Activity – Using the records below, write out again exactly the lines that begin at the line containing "mat_dimple.alpha_threshold = 0.0" and end at the line containing "cam_camera.dof.focus_distance = 0.0", and no other lines.

==== Records to process ====

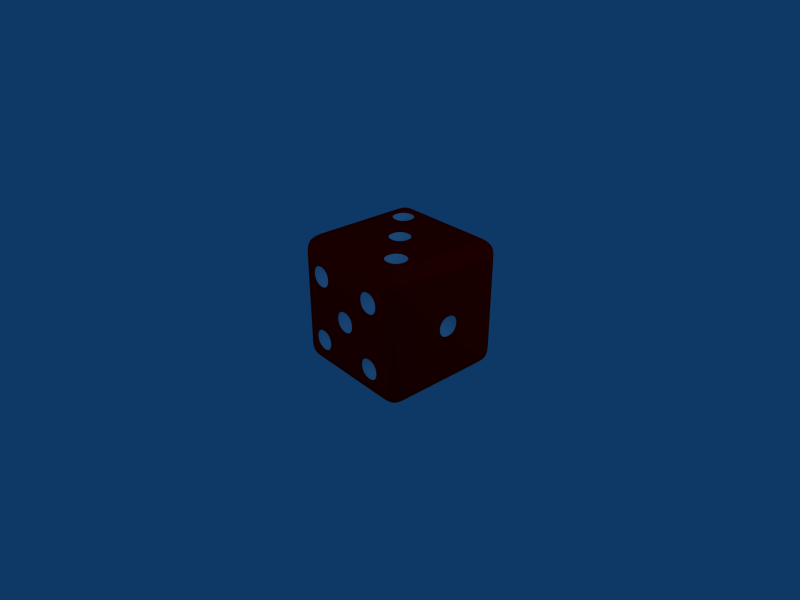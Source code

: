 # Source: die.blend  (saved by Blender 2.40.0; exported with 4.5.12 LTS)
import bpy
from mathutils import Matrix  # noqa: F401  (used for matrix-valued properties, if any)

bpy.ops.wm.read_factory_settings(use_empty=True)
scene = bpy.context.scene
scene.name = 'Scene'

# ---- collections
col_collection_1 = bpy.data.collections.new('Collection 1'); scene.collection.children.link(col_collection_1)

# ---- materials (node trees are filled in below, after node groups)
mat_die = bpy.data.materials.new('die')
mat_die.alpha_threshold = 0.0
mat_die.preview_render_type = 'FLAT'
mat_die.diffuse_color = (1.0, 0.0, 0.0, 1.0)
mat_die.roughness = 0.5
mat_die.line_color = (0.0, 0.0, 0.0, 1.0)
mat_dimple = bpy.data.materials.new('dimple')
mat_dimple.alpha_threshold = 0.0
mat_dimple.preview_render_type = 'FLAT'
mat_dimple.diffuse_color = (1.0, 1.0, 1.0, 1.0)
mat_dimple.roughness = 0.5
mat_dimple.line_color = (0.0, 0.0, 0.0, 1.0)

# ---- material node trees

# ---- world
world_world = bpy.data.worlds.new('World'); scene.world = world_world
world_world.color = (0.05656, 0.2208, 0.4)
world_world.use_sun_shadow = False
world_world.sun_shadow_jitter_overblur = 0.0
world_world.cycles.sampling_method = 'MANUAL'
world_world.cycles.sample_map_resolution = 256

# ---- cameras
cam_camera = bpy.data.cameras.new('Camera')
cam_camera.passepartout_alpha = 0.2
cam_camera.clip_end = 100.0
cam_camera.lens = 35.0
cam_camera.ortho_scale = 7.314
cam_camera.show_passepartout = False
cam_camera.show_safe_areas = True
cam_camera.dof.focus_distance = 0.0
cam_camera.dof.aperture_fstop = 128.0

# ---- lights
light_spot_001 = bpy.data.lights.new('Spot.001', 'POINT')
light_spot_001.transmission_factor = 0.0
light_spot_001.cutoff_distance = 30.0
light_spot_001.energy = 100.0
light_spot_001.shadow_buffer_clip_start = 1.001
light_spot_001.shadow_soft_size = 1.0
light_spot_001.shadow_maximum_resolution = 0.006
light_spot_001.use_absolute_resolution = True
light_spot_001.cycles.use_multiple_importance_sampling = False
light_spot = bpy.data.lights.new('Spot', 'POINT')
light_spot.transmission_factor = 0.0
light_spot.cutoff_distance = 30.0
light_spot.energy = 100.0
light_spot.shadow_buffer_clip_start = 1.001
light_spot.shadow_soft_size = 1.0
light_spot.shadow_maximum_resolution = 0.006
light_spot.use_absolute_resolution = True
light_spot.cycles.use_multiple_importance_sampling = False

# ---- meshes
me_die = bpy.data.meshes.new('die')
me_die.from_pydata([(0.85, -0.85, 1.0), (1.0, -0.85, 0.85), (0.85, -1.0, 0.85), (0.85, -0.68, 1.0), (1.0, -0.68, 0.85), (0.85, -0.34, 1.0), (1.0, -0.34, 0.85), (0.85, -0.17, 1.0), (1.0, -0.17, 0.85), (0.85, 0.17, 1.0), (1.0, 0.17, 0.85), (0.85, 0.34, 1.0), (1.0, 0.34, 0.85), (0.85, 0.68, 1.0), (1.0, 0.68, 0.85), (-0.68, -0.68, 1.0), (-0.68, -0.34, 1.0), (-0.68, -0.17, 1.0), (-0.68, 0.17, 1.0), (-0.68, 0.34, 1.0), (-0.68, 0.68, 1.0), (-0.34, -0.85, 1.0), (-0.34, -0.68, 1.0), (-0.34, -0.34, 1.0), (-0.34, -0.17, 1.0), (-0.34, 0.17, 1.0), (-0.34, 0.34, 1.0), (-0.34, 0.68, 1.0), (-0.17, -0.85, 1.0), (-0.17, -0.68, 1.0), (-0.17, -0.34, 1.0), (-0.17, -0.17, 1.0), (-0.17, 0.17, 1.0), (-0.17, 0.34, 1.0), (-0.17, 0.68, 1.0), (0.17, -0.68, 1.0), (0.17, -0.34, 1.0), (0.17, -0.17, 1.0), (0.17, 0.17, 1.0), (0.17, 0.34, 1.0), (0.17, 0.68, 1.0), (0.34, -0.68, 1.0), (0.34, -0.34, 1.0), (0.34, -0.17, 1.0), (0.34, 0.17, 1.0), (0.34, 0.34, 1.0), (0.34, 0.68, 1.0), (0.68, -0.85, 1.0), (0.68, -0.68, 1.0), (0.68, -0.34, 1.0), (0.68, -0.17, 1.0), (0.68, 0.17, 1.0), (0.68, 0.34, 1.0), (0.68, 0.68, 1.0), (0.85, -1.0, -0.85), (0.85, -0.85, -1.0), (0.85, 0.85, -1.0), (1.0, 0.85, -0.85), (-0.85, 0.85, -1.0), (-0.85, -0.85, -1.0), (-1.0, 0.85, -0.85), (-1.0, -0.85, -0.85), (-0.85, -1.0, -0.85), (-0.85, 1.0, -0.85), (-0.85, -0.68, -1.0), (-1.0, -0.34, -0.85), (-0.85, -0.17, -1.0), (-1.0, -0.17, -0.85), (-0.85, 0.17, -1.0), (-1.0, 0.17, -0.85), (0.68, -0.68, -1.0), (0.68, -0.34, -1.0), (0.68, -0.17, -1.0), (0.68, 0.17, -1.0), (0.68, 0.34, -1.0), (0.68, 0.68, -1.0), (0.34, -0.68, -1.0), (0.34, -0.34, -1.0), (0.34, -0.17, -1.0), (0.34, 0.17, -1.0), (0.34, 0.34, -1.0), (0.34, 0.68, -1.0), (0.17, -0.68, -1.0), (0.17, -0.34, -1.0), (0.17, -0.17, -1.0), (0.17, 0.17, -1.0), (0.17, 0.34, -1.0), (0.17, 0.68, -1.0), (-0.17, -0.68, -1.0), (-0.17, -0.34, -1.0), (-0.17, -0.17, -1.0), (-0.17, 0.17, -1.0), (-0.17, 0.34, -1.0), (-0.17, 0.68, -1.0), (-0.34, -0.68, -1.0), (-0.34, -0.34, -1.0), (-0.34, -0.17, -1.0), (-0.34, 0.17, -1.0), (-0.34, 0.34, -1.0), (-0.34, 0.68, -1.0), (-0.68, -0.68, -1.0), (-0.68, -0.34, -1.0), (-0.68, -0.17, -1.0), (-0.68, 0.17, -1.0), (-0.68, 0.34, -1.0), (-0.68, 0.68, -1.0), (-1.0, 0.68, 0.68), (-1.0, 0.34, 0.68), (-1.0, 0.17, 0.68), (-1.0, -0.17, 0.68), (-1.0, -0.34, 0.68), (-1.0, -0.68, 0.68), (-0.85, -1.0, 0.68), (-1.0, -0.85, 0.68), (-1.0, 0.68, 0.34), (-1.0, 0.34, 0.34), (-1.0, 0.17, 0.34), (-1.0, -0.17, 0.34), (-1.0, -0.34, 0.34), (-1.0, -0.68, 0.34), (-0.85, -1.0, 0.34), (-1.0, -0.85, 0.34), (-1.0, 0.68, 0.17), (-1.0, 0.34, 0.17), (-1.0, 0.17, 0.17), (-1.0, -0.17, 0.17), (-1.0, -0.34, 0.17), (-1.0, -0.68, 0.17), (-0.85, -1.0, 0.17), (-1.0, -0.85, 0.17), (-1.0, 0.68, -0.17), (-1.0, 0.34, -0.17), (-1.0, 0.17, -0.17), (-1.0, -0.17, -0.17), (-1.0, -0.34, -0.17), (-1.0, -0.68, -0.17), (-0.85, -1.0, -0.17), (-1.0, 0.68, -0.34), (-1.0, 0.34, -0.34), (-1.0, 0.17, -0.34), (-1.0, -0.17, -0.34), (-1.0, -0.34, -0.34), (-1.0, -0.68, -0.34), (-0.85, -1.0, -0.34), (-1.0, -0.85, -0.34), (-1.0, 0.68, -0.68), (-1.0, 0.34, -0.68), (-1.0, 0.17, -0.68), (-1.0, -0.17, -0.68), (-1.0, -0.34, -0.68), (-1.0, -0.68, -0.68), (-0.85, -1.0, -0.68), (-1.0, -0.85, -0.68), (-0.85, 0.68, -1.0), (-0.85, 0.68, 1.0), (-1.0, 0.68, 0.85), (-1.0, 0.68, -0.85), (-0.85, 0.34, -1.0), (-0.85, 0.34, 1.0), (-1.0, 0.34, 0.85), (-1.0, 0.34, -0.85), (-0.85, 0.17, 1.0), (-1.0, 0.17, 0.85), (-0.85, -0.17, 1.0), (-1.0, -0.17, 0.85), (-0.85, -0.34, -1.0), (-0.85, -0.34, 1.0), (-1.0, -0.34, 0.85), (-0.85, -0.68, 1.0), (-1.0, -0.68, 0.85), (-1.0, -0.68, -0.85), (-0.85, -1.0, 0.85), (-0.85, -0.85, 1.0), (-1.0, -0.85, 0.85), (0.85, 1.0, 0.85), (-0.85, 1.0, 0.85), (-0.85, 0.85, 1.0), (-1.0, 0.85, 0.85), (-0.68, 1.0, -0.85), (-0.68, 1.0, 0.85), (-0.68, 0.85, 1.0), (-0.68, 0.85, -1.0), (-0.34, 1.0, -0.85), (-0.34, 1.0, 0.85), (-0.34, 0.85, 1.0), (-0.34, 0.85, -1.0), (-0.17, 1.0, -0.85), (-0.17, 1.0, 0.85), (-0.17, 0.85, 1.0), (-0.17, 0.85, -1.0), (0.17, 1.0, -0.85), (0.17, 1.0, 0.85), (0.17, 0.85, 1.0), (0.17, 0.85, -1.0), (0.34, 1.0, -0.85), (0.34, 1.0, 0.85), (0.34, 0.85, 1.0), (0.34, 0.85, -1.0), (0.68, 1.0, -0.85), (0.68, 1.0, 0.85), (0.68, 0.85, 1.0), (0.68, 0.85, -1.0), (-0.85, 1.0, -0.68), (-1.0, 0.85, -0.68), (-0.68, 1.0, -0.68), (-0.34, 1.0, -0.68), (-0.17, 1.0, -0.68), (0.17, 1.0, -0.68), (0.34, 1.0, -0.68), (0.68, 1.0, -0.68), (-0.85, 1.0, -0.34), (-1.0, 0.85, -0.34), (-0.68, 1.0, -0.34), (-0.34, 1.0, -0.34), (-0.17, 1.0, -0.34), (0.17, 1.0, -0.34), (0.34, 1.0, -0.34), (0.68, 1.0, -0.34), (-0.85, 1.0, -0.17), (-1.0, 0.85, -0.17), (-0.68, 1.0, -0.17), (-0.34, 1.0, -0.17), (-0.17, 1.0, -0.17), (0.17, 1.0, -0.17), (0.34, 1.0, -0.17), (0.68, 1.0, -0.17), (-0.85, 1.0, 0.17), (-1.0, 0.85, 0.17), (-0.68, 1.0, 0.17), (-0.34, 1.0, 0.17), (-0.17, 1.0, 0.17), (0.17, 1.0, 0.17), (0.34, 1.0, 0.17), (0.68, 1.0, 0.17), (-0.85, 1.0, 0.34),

====

Output –
mat_dimple.alpha_threshold = 0.0
mat_dimple.preview_render_type = 'FLAT'
mat_dimple.diffuse_color = (1.0, 1.0, 1.0, 1.0)
mat_dimple.roughness = 0.5
mat_dimple.line_color = (0.0, 0.0, 0.0, 1.0)

# ---- material node trees

# ---- world
world_world = bpy.data.worlds.new('World'); scene.world = world_world
world_world.color = (0.05656, 0.2208, 0.4)
world_world.use_sun_shadow = False
world_world.sun_shadow_jitter_overblur = 0.0
world_world.cycles.sampling_method = 'MANUAL'
world_world.cycles.sample_map_resolution = 256

# ---- cameras
cam_camera = bpy.data.cameras.new('Camera')
cam_camera.passepartout_alpha = 0.2
cam_camera.clip_end = 100.0
cam_camera.lens = 35.0
cam_camera.ortho_scale = 7.314
cam_camera.show_passepartout = False
cam_camera.show_safe_areas = True
cam_camera.dof.focus_distance = 0.0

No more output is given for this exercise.